# Exercise input
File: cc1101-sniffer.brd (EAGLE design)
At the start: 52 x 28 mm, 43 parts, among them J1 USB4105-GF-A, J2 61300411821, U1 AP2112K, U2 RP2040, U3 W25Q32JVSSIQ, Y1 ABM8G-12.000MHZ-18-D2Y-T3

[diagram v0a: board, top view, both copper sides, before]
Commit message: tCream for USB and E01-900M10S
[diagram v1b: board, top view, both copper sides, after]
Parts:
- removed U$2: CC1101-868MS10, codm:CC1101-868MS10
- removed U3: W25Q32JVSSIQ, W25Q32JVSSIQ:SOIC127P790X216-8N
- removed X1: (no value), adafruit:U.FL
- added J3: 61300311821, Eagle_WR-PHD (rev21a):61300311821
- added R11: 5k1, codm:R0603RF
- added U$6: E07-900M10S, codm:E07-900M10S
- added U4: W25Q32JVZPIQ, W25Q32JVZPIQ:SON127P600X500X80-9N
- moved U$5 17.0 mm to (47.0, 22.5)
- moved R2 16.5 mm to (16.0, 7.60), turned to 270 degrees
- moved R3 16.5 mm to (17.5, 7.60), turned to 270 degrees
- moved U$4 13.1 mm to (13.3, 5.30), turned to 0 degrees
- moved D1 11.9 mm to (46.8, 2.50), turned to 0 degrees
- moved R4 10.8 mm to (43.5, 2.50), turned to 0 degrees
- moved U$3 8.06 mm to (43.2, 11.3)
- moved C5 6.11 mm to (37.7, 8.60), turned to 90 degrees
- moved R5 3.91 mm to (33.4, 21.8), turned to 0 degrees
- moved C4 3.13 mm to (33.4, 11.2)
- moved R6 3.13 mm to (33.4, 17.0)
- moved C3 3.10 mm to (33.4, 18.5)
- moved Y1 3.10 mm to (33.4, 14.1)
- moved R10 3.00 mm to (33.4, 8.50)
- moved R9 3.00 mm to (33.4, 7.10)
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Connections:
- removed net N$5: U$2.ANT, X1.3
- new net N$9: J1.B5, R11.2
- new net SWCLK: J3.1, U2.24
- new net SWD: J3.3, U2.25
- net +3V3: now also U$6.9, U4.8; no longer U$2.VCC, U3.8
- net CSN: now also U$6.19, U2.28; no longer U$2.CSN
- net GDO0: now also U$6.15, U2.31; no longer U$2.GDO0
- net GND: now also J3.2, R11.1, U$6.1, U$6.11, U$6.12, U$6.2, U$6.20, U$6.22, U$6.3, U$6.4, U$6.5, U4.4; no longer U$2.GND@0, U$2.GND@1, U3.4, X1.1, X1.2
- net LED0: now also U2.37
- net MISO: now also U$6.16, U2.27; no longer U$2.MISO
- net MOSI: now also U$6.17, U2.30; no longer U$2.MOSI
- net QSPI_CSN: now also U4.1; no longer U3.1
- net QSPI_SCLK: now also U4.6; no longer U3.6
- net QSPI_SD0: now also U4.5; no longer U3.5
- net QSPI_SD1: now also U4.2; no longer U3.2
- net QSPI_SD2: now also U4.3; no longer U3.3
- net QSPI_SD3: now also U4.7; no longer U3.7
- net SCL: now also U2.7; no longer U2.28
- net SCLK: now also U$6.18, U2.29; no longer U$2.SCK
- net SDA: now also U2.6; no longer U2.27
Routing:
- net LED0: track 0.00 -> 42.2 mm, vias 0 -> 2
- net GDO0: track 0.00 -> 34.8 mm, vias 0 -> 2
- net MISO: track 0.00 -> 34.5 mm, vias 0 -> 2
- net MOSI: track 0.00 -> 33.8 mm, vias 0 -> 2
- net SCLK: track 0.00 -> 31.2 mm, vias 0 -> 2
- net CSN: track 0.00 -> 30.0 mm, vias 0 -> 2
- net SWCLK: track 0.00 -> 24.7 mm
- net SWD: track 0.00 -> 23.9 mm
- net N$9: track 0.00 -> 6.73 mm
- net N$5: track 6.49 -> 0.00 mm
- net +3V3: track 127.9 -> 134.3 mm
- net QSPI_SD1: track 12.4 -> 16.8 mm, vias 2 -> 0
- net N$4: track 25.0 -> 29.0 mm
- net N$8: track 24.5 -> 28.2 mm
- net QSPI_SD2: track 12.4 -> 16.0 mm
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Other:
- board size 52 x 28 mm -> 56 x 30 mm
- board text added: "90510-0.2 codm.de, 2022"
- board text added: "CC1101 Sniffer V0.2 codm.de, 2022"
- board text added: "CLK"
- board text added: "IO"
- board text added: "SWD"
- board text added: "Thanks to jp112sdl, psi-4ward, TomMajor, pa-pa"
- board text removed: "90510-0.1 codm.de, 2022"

# Task
Determine the number of lines in the entries that hold the string "sides"; write that number and nothing else.

# Expected answer
2